Le temps passait tantôt vite, tantôt lentement. Avoir dressé le campement dans une zone plus dégagée offrit au moins la satisfaction de s'éloigner de l'effrayante forêt qui leur avait causé tant de troubles. Soren ne prenait pas une minute de repos, ignorant les protestations de son corps. Si tout le monde aidait, il pouvait aussi s'y mettre sans rechigner. S'occuper les mains l'empêcha lui aussi de ruminer les erreurs de la veille...Jusqu'à ce qu'il passa à côté d'un parterre de tapisseries sur lesquelles reposaient des corps sous des draps souvent poisseux de sang. Son cœur fit un bon et il dut retenir un sanglot. Seuls trois corps étaient ici, et probablement que celui de Rosa en faisait partie...Soren s'approcha du soldat à proximité qui leva la tête en le voyant arriver.
— Qu'est ce que vous allez faire des corps ?
— On va les brûler, certainement.
— Parmi les trois juste ici...Il y avait le corp d'une femme âgée n'est-ce-pas ?
— Oui, c'est la servante de la noble, elle était dans un sale état, ça m'étonne pas qu'elle y soit restée. Il paraît qu'elle s'est battue comme un lion hier, triste fin pour elle.

Le détachement du soldat faillit énerver Soren, mais il conserva son calme en se mettant à la place du combattant qui avait aux côtés de Rosa deux compagnons d'arme reposant sous des draps mortuaires. Il relativisait, et c'était en théorie ce qu'il y avait de mieux à faire.

— La servante, ne brulez pas son corps avant que Dame Dellinger n'aie pu lui rendre hommage, s'il vous-plait
Le soldat eut l'air interrogateur, puis il se rappela visiblement qui Soren représentait avec cette tenue.
— C'est elle qui le demande ?
— Si tu veux mon avis, tiens-t'en à cette information ou tu risques de passer un sale quart d'heure. Et si tu te fais pourrir parce que toi seul est au courant, insiste quand même dans ce sens.

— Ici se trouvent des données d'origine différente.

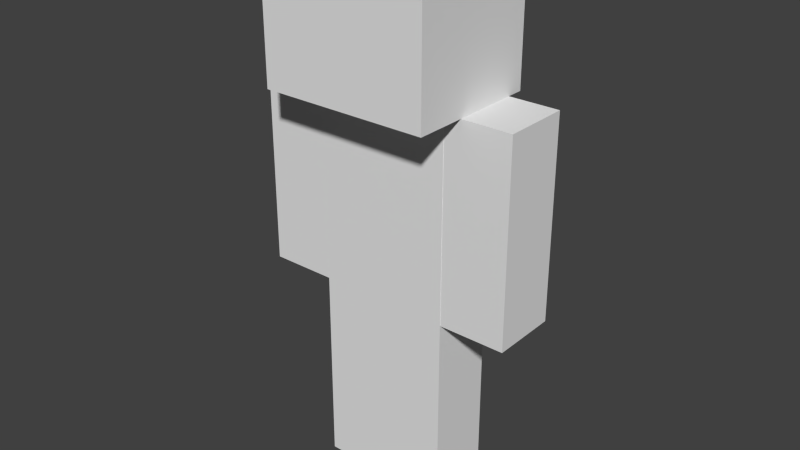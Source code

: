 # Source: character.blend  (saved by Blender 2.76.0; exported with 4.5.12 LTS)
import bpy
from mathutils import Matrix  # noqa: F401  (used for matrix-valued properties, if any)

bpy.ops.wm.read_factory_settings(use_empty=True)
scene = bpy.context.scene
scene.name = 'Scene'

# ---- collections
col_collection_1 = bpy.data.collections.new('Collection 1'); scene.collection.children.link(col_collection_1)

# ---- materials (node trees are filled in below, after node groups)
mat_skin = bpy.data.materials.new('Skin')
mat_skin.alpha_threshold = 0.0
mat_skin.use_transparent_shadow = False
mat_skin.roughness = 0.5

# ---- material node trees

# ---- world
world_world = bpy.data.worlds.new('World'); scene.world = world_world
world_world.color = (0.05088, 0.05088, 0.05088)
world_world.use_sun_shadow = False
world_world.sun_shadow_jitter_overblur = 0.0
world_world.cycles.sampling_method = 'MANUAL'
world_world.cycles.sample_map_resolution = 256

# ---- meshes
me_cube_018 = bpy.data.meshes.new('Cube.018')
me_cube_018.from_pydata([(-0.9978, -2.006, 3.558), (0.9978, -2.006, 3.558), (-0.9978, 2.006, 3.558), (0.9978, 2.006, 3.558), (0.0, -1.0, -4.5), (0.0, -1.0, -1.5), (0.0, 1.0, -4.5), (0.0, 1.0, -1.5), (1.0, -1.0, -4.5), (1.0, -1.0, -1.5), (1.0, 1.0, -4.5), (1.0, 1.0, -1.5), (-1.0, -1.0, -4.5), (-1.0, -1.0, -1.5), (-1.0, 1.0, -4.5), (-1.0, 1.0, -1.5), (0.0, -1.0, -4.5), (0.0, -1.0, -1.5), (0.0, 1.0, -4.5), (0.0, 1.0, -1.5), (1.0, -0.99, -1.5), (1.0, -0.99, 1.5), (1.0, 1.0, -1.5), (1.0, 1.0, 1.5), (2.0, -0.99, -1.5), (2.0, -0.99, 1.5), (2.0, 1.0, -1.5), (2.0, 1.0, 1.5), (-2.0, -0.99, -1.5), (-2.0, -0.99, 1.5), (-2.0, 1.0, -1.5), (-2.0, 1.0, 1.5), (-1.0, -0.99, -1.5), (-1.0, -0.99, 1.5), (-1.0, 1.0, -1.5), (-1.0, 1.0, 1.5), (-1.0, -1.0, -1.5), (-1.0, -1.0, 1.5), (-1.0, 1.0, -1.5), (-1.0, 1.0, 1.5), (1.0, -1.0, -1.5), (1.0, -1.0, 1.5), (1.0, 1.0, -1.5), (1.0, 1.0, 1.5), (-1.0, -2.0, 1.509), (-1.0, -2.0, 3.509), (-1.0, 2.0, 1.509), (-1.0, 2.0, 3.509), (1.0, -2.0, 1.509), (1.0, -2.0, 3.509), (1.0, 2.0, 1.509), (1.0, 2.0, 3.509), (-1.25, -2.5, 1.5), (-1.25, -2.5, 3.5), (1.25, -2.5, 1.5), (1.25, -2.5, 3.5), (1.25, -2.5, 1.5), (1.25, -2.5, 3.5), (1.25, 1.5, 1.5), (1.25, 1.5, 3.5), (-1.25, 1.5, 1.5), (-1.25, 1.5, 3.5), (-1.25, -2.5, 1.5), (-1.25, -2.5, 3.5)], [], [(0, 1, 3, 2), (5, 7, 6, 4), (7, 11, 10, 6), (11, 9, 8, 10), (9, 5, 4, 8), (4, 6, 10, 8), (9, 11, 7, 5), (13, 15, 14, 12), (15, 19, 18, 14), (19, 17, 16, 18), (17, 13, 12, 16), (12, 14, 18, 16), (17, 19, 15, 13), (21, 23, 22, 20), (23, 27, 26, 22), (27, 25, 24, 26), (25, 21, 20, 24), (20, 22, 26, 24), (25, 27, 23, 21), (29, 31, 30, 28), (31, 35, 34, 30), (35, 33, 32, 34), (33, 29, 28, 32), (28, 30, 34, 32), (33, 35, 31, 29), (37, 39, 38, 36), (39, 43, 42, 38), (43, 41, 40, 42), (41, 37, 36, 40), (36, 38, 42, 40), (41, 43, 39, 37), (45, 47, 46, 44), (47, 51, 50, 46), (51, 49, 48, 50), (49, 45, 44, 48), (44, 46, 50, 48), (49, 51, 47, 45), (55, 53, 52, 54), (59, 57, 56, 58), (63, 61, 60, 62)])
_uv = me_cube_018.uv_layers.new(name='UVMap')
_uv.uv.foreach_set('vector', [0.625, 0.75, 0.75, 0.75, 0.75, 1.0, 0.625, 1.0, 0.0625, 0.375, 0.0, 0.375, 0.0, 0.0, 0.0625, 0.0, 0.25, 0.375, 0.1875, 0.375, 0.1875, 0.0, 0.25, 0.0, 0.1875, 0.375, 0.125, 0.375, 0.125, 0.0, 0.1875, 0.0, 0.125, 0.375, 0.0625, 0.375, 0.0625, 0.0, 0.125, 0.0, 0.1872, 0.5006, 0.1247, 0.4993, 0.1253, 0.3744, 0.1878, 0.3757, 0.0625, 0.375, 0.125, 0.375, 0.125, 0.5, 0.0625, 0.5, 0.0625, 0.375, 0.0, 0.375, 0.0, 0.0, 0.0625, 0.0, 0.25, 0.375, 0.1875, 0.375, 0.1875, 0.0, 0.25, 0.0, 0.1875, 0.375, 0.125, 0.375, 0.125, 0.0, 0.1875, 0.0, 0.125, 0.375, 0.0625, 0.375, 0.0625, 0.0, 0.125, 0.0, 0.1875, 0.5, 0.125, 0.5, 0.125, 0.375, 0.1875, 0.375, 0.0625, 0.375, 0.125, 0.375, 0.125, 0.5, 0.0625, 0.5, 0.6875, 0.375, 0.625, 0.375, 0.625, 0.0, 0.6875, 0.0, 0.875, 0.375, 0.8125, 0.375, 0.8125, 0.0, 0.875, 0.0, 0.8125, 0.375, 0.75, 0.375, 0.75, 0.0, 0.8125, 0.0, 0.75, 0.375, 0.6875, 0.375, 0.6875, 0.0, 0.75, 0.0, 0.8125, 0.5, 0.75, 0.5, 0.75, 0.375, 0.8125, 0.375, 0.75, 0.5, 0.6875, 0.5, 0.6875, 0.375, 0.75, 0.375, 0.6875, 0.375, 0.625, 0.375, 0.625, 0.0, 0.6875, 0.0, 0.875, 0.375, 0.8125, 0.375, 0.8125, 0.0, 0.875, 0.0, 0.8125, 0.375, 0.75, 0.375, 0.75, 0.0, 0.8125, 0.0, 0.75, 0.375, 0.6875, 0.375, 0.6875, 0.0, 0.75, 0.0, 0.8125, 0.5, 0.75, 0.5, 0.75, 0.375, 0.8125, 0.375, 0.75, 0.5, 0.6875, 0.5, 0.6875, 0.375, 0.75, 0.375, 0.3125, 0.375, 0.25, 0.375, 0.25, 0.0, 0.3125, 0.0, 0.625, 0.375, 0.5, 0.375, 0.5, 0.0, 0.625, 0.0, 0.5, 0.375, 0.4375, 0.375, 0.4375, 0.0, 0.5, 0.0, 0.4375, 0.375, 0.3125, 0.375, 0.3125, 0.0, 0.4375, 0.0, 0.5625, 0.5, 0.4375, 0.5, 0.4375, 0.375, 0.5625, 0.375, 0.4375, 0.375, 0.4375, 0.5, 0.3125, 0.5, 0.3125, 0.375, 0.125, 0.75, 0.0, 0.75, -7.451e-09, 0.5, 0.125, 0.5, 0.375, 0.75, 0.5, 0.75, 0.5, 0.5, 0.375, 0.5, 0.375, 0.75, 0.25, 0.75, 0.25, 0.5, 0.375, 0.5, 0.25, 0.75, 0.125, 0.75, 0.125, 0.5, 0.25, 0.5, 0.375, 0.75, 0.375, 1.0, 0.25, 1.0, 0.25, 0.75, 0.25, 0.75, 0.25, 1.0, 0.125, 1.0, 0.125, 0.75, 0.75, 0.75, 0.625, 0.75, 0.625, 0.5, 0.75, 0.5, 0.875, 0.75, 0.75, 0.75, 0.75, 0.5, 0.875, 0.5, 0.625, 0.75, 0.5, 0.75, 0.5, 0.5, 0.625, 0.5])
me_cube_018.materials.append(mat_skin)
me_cube_018.use_remesh_preserve_volume = False
me_cube_018.use_remesh_preserve_attributes = False
me_cube_018.use_mirror_vertex_groups = False
me_cube_018.update()

# ---- objects
ob_character = bpy.data.objects.new('Character', me_cube_018)

# ---- transforms, parenting, visibility, modifiers, constraints
ob_character.location = (0.0, 0.0, 0.02)
ob_character.scale = (0.04, 0.02, 0.04)
ob_character.lineart.crease_threshold = 0.0

# ---- collection membership
col_collection_1.objects.link(ob_character)

# ---- scene / render settings (as saved in the file)
scene.frame_start = 1; scene.frame_end = 250; scene.frame_set(12)
scene.render.engine = 'BLENDER_EEVEE_NEXT'
scene.render.resolution_percentage = 50
scene.render.dither_intensity = 0.0
scene.cycles.use_denoising = False
scene.cycles.samples = 10
scene.cycles.sampling_pattern = 'TABULATED_SOBOL'
scene.cycles.light_sampling_threshold = 0.0
scene.cycles.use_adaptive_sampling = False
scene.cycles.use_light_tree = False
scene.cycles.blur_glossy = 0.0
scene.cycles.pixel_filter_type = 'GAUSSIAN'
scene.cycles.sample_clamp_indirect = 0.0
scene.view_settings.view_transform = 'Standard'
bpy.context.view_layer.update()

# ---- added for rendering (the .blend has no active camera and no usable light): camera, sun
cam_auto = bpy.data.cameras.new('AutoCamera')
cam_auto.lens = 50.0
cam_auto.sensor_width = 36.0
cam_auto.clip_end = 1000.0
ob_auto_camera = bpy.data.objects.new('AutoCamera', cam_auto)
scene.collection.objects.link(ob_auto_camera)
ob_auto_camera.location = (0.343222, -0.416809, 0.275738)
ob_auto_camera.rotation_euler = (1.09748, -7.21219e-08, 0.694738)
scene.camera = ob_auto_camera
light_auto_sun = bpy.data.lights.new('AutoSun', 'SUN')
light_auto_sun.energy = 3.0
light_auto_sun.angle = 0.0523599
ob_auto_sun = bpy.data.objects.new('AutoSun', light_auto_sun)
scene.collection.objects.link(ob_auto_sun)
ob_auto_sun.rotation_euler = (0.872665, 0.174533, 0.523599)
bpy.context.view_layer.update()

Le ton de Soren était presque autoritaire bien que sa voix ne témoigne aucune méchanceté. Ce manque de joie était bien entendu inhérent à la fatigue grandissante qui le gagnait, et à cette envie presque irrépressible de retrouver sa protégée, qu'il tentait de contenir afin de quand même se rendre utile au campement, mais aussi et surtout parce que cette culpabilité qu'il ressentait gagnait de plus en plus son esprit

Autumn se retrouva finalement dans une tente obscure à contempler le visage de sa chère Rosa pour la dernière fois. Alors qu’on préparait une cérémonie à la hâte, elle fixait ces traits reposés qui ne s’éveilleraient plus jamais. Elle serra sa main sous le drap, le cœur lourd de regrets.
— Je suis navrée pour tout, Rosa.
Une ombre se déplaça sous la tente sans qu’Autumn le remarque.
— Toutes mes condoléances, dame Dellinger.
La voix sirupeuse de Galatius la fit sursauter. Le noble posa une main sur son épaule, ce qui lui tira une vague grimace qu’elle dissimula de son mieux.
— La réalité de la vie se rappelle toujours à nous de manière si cruelle.
Autumn ne répondit rien mais dégagea son épaule doucement. Le noble fit comme si rien n’avait changé.
— Dès lors que nous en prenons conscience, nous devrions tous apprendre la leçon qui nous est donnée. La vie n’est pas faite de rêves et de fumée. Il faut songer à l’avenir, dame Dellinger.
Le ton était lourd de sens.
— Et à vos engagements.
Il ajouta :
— Car tous nos choix sont lourds de conséquences.
Autumn tourna finalement la tête vers Galatius. Son visage n’exprimait rien qu’une inexpressive neutralité.
— Merci pour vos mots pleins de sagesse, sieur.
L’homme sourit, se saisit de sa main avec délicatesse et y déposa un baiser avant de reculer.
— Je vous laisse à votre recueillement. Que la Providence vous guide.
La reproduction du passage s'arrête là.